Hands On: Executing the MAPseq-to-ampvis2 workflow
  1. Import the MAPseq-to-ampvis2 workflow

    1. Click on galaxy-workflows-activity Workflows in the Galaxy activity bar (on the left side of the screen, or in the top menu bar of older Galaxy instances). You will see a list of all your workflows
    2. Click on galaxy-upload Import at the top-right of the screen
    3. Provide your workflow
      • Option 1: Paste the URL of the workflow into the box labelled “Archived Workflow URL”
      • Option 2: Upload the workflow file in the box labelled “Archived Workflow File”
    4. Click the Import workflow button

    Below is a short video demonstrating how to import a workflow from GitHub using this procedure:

    Video: Importing a workflow from URL

  2. Run workflow-run the workflow using the following inputs:

    • “MAPseq outputs”: Provide the OTU tables generated by MAPseq, which need to be reformatted for ampvis2
    • “Metadata”: Contextual information associated with the data from the OTU tables
    1. Click on galaxy-workflows-activity Workflows in the Galaxy activity bar (on the left side of the screen, or in the top menu bar of older Galaxy instances). At the top of the resulting page you will have the option to switch between the My workflows, Workflows shared with me and Public workflows tabs. Select the tab you want to see all workflows in that category.
    2. Click on the workflow-run Run workflow button of the workflow you would like to use
    3. Configure the workflow as needed
    4. Click the Run Workflow button at the top-right of the screen

    You may have to refresh your history to see the queued jobs

With the ampvis2 object now successfully generated, users can proceed to create a variety of informative visualizations—such as heatmaps—to explore and interpret microbial community composition, identify patterns across samples, and support further ecological or statistical analysis.

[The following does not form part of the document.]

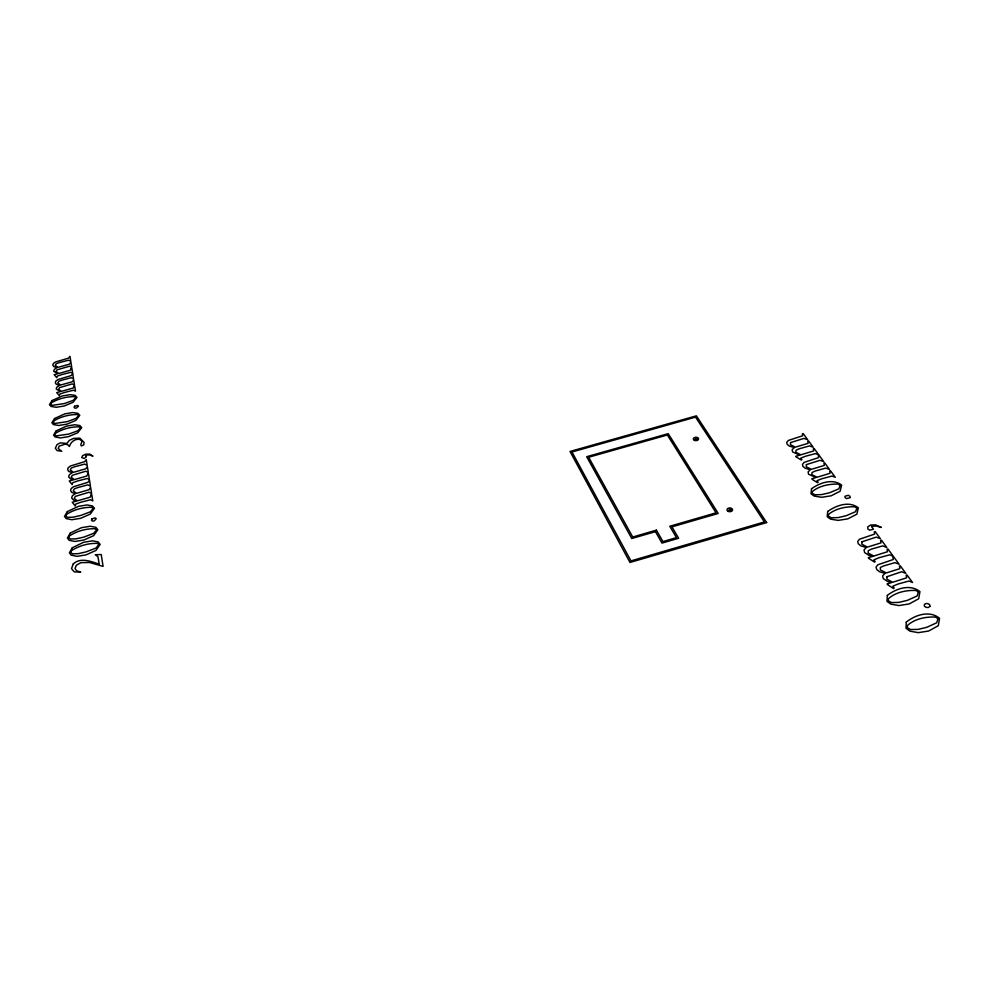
<?xml version="1.0" encoding="UTF-8"?>
<svg xmlns="http://www.w3.org/2000/svg" width="989" height="989" viewBox="0 0 989 989"><rect width="100%" height="100%" fill="white"/><g stroke="black" fill="none" stroke-linecap="round" stroke-linejoin="round"><path stroke-width="1.48" d="M886.935 576.711L886.935 579.195L892.721 582.249L906.592 577.836L906.171 575.19L907 574.943L912.563 582.509L908.879 581.038L897.975 584.042L892.783 586.23L894.155 588.035L893.5 588.542L887.578 584.66L887.059 583.943L891.559 582.595L887.492 581.408L883.251 578.614L882.633 575.808L884.982 573.447L879.308 571.642L876.724 569.491L876.056 567.117L877.799 564.818L893.215 559.527L892.931 557.141L893.747 556.906L899.162 564.262L894.921 562.654L883.659 565.931L880.371 567.451L880.383 569.948L886.317 572.94L899.866 568.65L899.434 566.005L900.25 565.757L905.862 573.397L901.634 571.753L886.935 576.711M861.914 541.799L861.889 544.197L867.415 547.115L880.989 542.887L880.593 540.34L881.409 540.105L886.812 547.461L882.695 545.879L871.494 549.105L868.243 550.712L868.206 553.111L873.831 556.041L887.479 551.738L887.096 549.192L887.899 548.944L893.265 556.238L889.667 554.829L878.961 557.747L873.856 559.885L875.178 561.616L874.523 562.111L868.762 558.389L868.268 557.685L872.706 556.374L868.725 555.249L864.609 552.567L864.04 549.859L866.364 547.56L860.826 545.841L858.316 543.777L857.698 541.478L859.429 539.252L874.585 534.109L874.338 531.81L875.141 531.575L880.358 538.659L876.217 537.126L861.914 541.799M906.27 622.143L906.023 628.262L909.917 631.13L918.237 632.651L928.671 631.019L938.326 625.691L939.55 618.31C929.759 610.126 915.184 614.861 906.27 622.143M806.394 464.607L806.295 466.771L811.363 469.33L824.233 465.436L823.961 463.149L824.727 462.926L829.524 469.478L825.728 468.094L815.134 471.073L812.018 472.544L811.907 474.695L817.075 477.254L830.006 473.298L829.734 471.024L830.5 470.801L835.26 477.279L831.947 476.043L821.822 478.75L816.963 480.691L818.138 482.236L817.52 482.681L812.253 479.405L811.808 478.787L815.999 477.563L808.545 474.226L808.112 471.815L810.362 469.738L805.231 468.254L802.957 466.412L802.45 464.36L804.156 462.358L818.546 457.623L818.385 455.558L819.152 455.348L823.788 461.653L819.968 460.305L806.394 464.607M91.05 494.995L90.209 497.146L77.414 500.842L74.262 498.407L75.362 496.379L89.047 492.225L91.618 493.536L90.642 487.354L89.047 489.716L76.561 493.313L73.248 490.915L74.348 488.887L77.599 487.626L87.86 484.857L90.444 486.143L89.505 480.172L87.91 482.323L73.52 486.749L71.121 488.64L70.59 490.581L71.653 492.312L75.288 493.734L72.407 495.687L71.628 497.962L73.705 500.199L76.363 501.139L72.246 502.264L75.226 505.96L75.696 504.081L80.715 502.264L90.555 499.742L92.781 500.904L91.816 494.784L91.05 494.995M887.318 595.452L886.997 601.361L890.792 604.106L898.927 605.565L909.151 603.945L918.67 598.79L919.955 591.645C910.325 583.733 896.121 588.455 887.318 595.452M87.749 473.916L86.908 475.993L74.323 479.616L71.22 477.267L72.308 475.301L85.771 471.234L88.305 472.495L87.353 466.511L85.783 468.798L73.495 472.322L70.244 470.01L71.332 468.044L74.521 466.808L84.621 464.101L87.168 465.337L86.266 459.551L84.695 461.653L70.516 465.98L68.154 467.809L67.623 469.688L68.661 471.37L72.246 472.73L69.403 474.633L68.637 476.846L70.664 478.997L73.285 479.9L69.23 481L72.16 484.573L72.617 482.756L77.562 480.975L87.242 478.503L89.43 479.628L88.491 473.706L87.749 473.916M790.557 442.602L790.446 444.679L795.379 447.152L808.05 443.344L807.803 441.143L808.557 440.921L813.193 447.238L809.484 445.915L799.063 448.833L795.997 450.255L795.861 452.332L800.905 454.804L813.613 450.947L813.378 448.734L814.132 448.524L818.731 454.779L815.492 453.592L805.528 456.238L800.744 458.13L801.881 459.625L801.275 460.046L796.145 456.893L795.712 456.3L799.841 455.113L792.572 451.899L792.164 449.562L794.402 447.547L789.383 446.126L787.17 444.358L786.7 442.367L788.394 440.426L802.549 435.803L802.425 433.812L803.179 433.59L807.654 439.685L803.921 438.399L790.557 442.602M82.05 441.255L80.801 444.679L81.296 445.94L83.744 444.939L84.077 442.442L79.862 438.127L73.52 438.411L69.329 440.365L66.844 443.468L60.341 442.837L57.041 444.58L55.322 448.264L57.201 450.601L61.751 451.281L58.203 448.45L59.216 446.101L65.459 444.049L67.944 444.865L69.391 446.521C70.343 442.466 74.867 438.201 80.121 439.487L82.05 441.255M73.99 386.217L73.186 388.047L61.442 391.323L58.574 389.32L59.612 387.589L72.185 383.917L74.521 384.981L73.693 379.788L72.209 381.791L60.737 384.993L57.733 383.015L58.759 381.284L61.751 380.184L71.171 377.724L73.532 378.762L72.741 373.731L71.257 375.573L58.03 379.504L55.817 381.124L55.297 382.768L56.262 384.214L59.575 385.364L56.917 387.045L56.188 388.974L60.477 391.582L56.694 392.596L59.389 395.662L59.834 394.079L64.458 392.485L73.483 390.222L75.498 391.187L74.682 386.031L73.99 386.217M71.208 368.464L70.404 370.245L58.833 373.459L56.027 371.518L57.041 369.837L69.428 366.239L71.727 367.265L70.936 362.221L69.465 364.175L58.153 367.315L55.199 365.398L56.212 363.717L59.167 362.629L68.451 360.219L70.775 361.232L70.009 356.349L68.538 358.129L55.495 361.974L53.319 363.556L52.813 365.164L53.74 366.56L57.003 367.673L54.383 369.317L53.666 371.196L57.881 373.706L54.16 374.695L56.806 377.674L57.251 376.129L61.8 374.571L70.689 372.358L72.679 373.286L71.888 368.291L71.208 368.464M827.706 511.486L827.2 516.753L830.649 519.163L838.19 520.387L847.796 518.854L856.87 514.181L858.341 507.814C849.18 500.706 836.138 505.354 827.706 511.486M811.536 488.714L810.992 493.808L814.343 496.132L821.723 497.294L831.168 495.798L840.118 491.249L841.627 485.08C832.602 478.194 819.856 482.805 811.536 488.714M871.593 526.445L873.423 529.276L869.677 530.215L867.848 529.028L867.798 526.828L870.604 525.023L875.685 524.875L881.384 527.471L876.229 525.987L871.593 526.445M730.896 509.854C728.361 512.401 728.633 507.147 730.896 509.854M696.961 438.968C694.612 441.279 694.859 436.545 696.961 438.968M71.344 550.786L70.825 552.431L72.395 553.828L78.316 553.655L86.068 551.887L95.921 548.091L98.789 544.716L97.478 543.394C88.478 543.072 78.848 545.755 71.344 550.786M938.017 618.706L936.694 622.798L926.73 627.323L918.052 629.4L910.585 629.536L907.605 627.805L907.136 625.802C914.256 618.879 925.716 616.58 935.421 617.074L938.017 618.706M69.341 536.026L68.822 537.633L70.38 538.993L76.227 538.832L83.892 537.089L93.646 533.343L96.489 530.042L95.191 528.744C86.29 528.447 76.783 531.081 69.341 536.026M66.411 514.478L65.892 516.035L67.425 517.358L73.186 517.173L80.727 515.467L90.32 511.82L93.127 508.606L91.853 507.345C83.101 507.097 73.755 509.656 66.411 514.478M918.46 592.04L917.112 595.984L907.296 600.385L898.766 602.412L891.46 602.561L888.555 600.916L888.122 598.988C895.206 592.263 906.394 590.025 915.925 590.47L918.46 592.04M55.372 433.355L54.877 434.74L56.299 435.877L68.785 434.084L77.81 430.771L80.468 427.903L79.281 426.815C71.072 426.679 62.369 428.991 55.372 433.355M53.69 421.005L53.196 422.365L54.605 423.49L66.968 421.71L75.906 418.446L78.539 415.627L77.377 414.552C69.23 414.44 60.638 416.715 53.69 421.005M51.23 402.943L50.748 404.266L52.133 405.354L64.31 403.586L73.124 400.397L75.72 397.652L74.571 396.626C66.56 396.527 58.104 398.752 51.23 402.943M73.285 563.866L71.505 568.626L74.224 571.889L80.789 572.05L76.66 570.789L74.991 568.465L76.45 565.139L80.962 562.654L89.505 562.481L103.091 566.4L101.224 554.532L95.278 554.742L97.911 556.708L99.246 564.15C91.025 561.505 80.739 557.091 73.285 563.866M86.377 456.535L84.374 458.488L81.679 457.511L82.631 455.706L85.635 454.211L89.678 454.05L92.991 456.152L89.616 454.952L86.414 455.076L85.623 455.595L86.377 456.535M856.919 508.173L855.522 511.709L846.201 515.714L838.153 517.593L831.329 517.791L828.671 516.345L828.337 514.626C835.235 508.569 845.607 506.504 854.62 506.801L856.919 508.173M91.989 518.817L91.47 520.115L92.323 521.018L94.079 521.005L96.217 518.792L95.352 517.89L91.989 518.817M840.23 485.426L838.82 488.85L829.635 492.745L821.723 494.587L815.023 494.797L812.426 493.4L812.117 491.743C818.966 485.871 829.116 483.856 837.98 484.103L840.23 485.426M74.571 406.256L74.076 407.357L74.843 408.111L76.45 408.074L78.428 406.182L77.649 405.441L74.571 406.256M72.296 547.77L69.378 552.814L71.171 555.138L77.018 556.337L85.944 554.916L95.896 550.465L100.173 544.37L98.084 541.885L92.484 540.835L83.62 542.281L72.296 547.77M70.281 533.071L67.388 538.016L69.156 540.291L74.941 541.453L83.768 540.043L93.621 535.679L97.849 529.696L95.797 527.273L90.259 526.247L81.481 527.681L70.281 533.071M67.339 511.61L64.483 516.406L66.214 518.607L71.9 519.72L80.591 518.335L90.283 514.07L94.462 508.272L92.447 505.923L87.007 504.946L78.378 506.368L67.339 511.61M56.262 430.821L53.542 435.086L55.161 437.002L60.477 437.929L68.637 436.619L77.76 432.762L81.728 427.607L79.862 425.542L74.768 424.738L66.659 426.074L56.262 430.821M54.58 418.52L51.885 422.711L53.48 424.59L58.747 425.493L66.819 424.194L75.856 420.399L79.788 415.331L77.946 413.315L72.902 412.537L64.866 413.847L54.58 418.52M52.12 400.533L49.45 404.6L51.02 406.43L56.2 407.283L64.149 406.009L73.062 402.3L76.957 397.368L75.139 395.415L70.17 394.66L62.258 395.971L52.12 400.533M929.92 606.319L928.486 607.444L926.223 607.431L924.468 606.294L924.233 604.699L925.667 603.587L927.917 603.587L929.685 604.724L929.92 606.319M850.07 497.603L846.633 498.604L845.088 497.652L844.94 496.268L848.364 495.279L849.934 496.231L850.07 497.603M656.399 530.141L632.725 537.015L588.665 457.239L667.365 434.987L716.036 512.846L669.788 526.259L676.439 537.633L662.939 541.564L656.399 530.141M655.46 531.649L631.761 538.535L586.675 456.708L668.23 433.652L718.224 513.452L671.951 526.865L678.627 538.251L662 543.097L655.46 531.649M764.398 521.957L630.957 560.899L571.976 451.985L695.527 417.135L764.398 521.957M766.648 522.575L629.981 562.469L570.01 451.454L696.367 415.837L766.648 522.575M694.488 440.389A2.621 1.694 -1.5 0 0 698.555 439.005A2.621 1.694 -1.5 0 0 694.76 437.447A2.621 1.694 -1.5 0 0 694.488 440.389M728.312 511.4A2.782 1.879 0.4 0 0 732.577 509.904A2.782 1.879 0.4 0 0 728.522 508.148A2.782 1.879 0.4 0 0 728.312 511.4"/></g></svg>

Hands On: Utilizing the ampvis2 object to generate a heatmap
  1. ampvis2 heatmap ( Galaxy version 2.8.9+galaxy1):
    • Ampvis2 RDS dataset: Choose Ampvis2 object from your history
    • The taxonomic level to aggregate the OTUs: Order
    • How to show OTUs without taxonomic information: Remove OTUs without taxonomic information
    • Select light blue for Start color for the heatmap
    • Select dark red for End color for the heatmap

Let us now take a look at the generated heatmap.

Heatmap produced by the workflow.

Question: i
  1. Which sample has the highest relative abundance of Lactobacillales?
  2. Which taxonomic order is most dominant in sample SRR1038213?
  1. Sample SRR11032276 has the highest relative abundance of Lactobacillales at 97.7%, indicating it is strongly dominated by this bacterial order.
  2. In sample SRR11038213, Tremellales is the most dominant order, with a relative abundance of 50%.

This was a brief glimpse into the capabilities of ampvis2. We encourage you to further explore the full range of features available in Ampvis2, as well as other powerful visualization tools offered on the Galaxy platform.

Conclusion

This tutorial provided a step-by-step guide to executing the different sub-workflows of the MGnify v5.0 amplicon pipeline on Galaxy. By following these steps, you should be able to process, analyze, and visualize your amplicon sequencing data efficiently.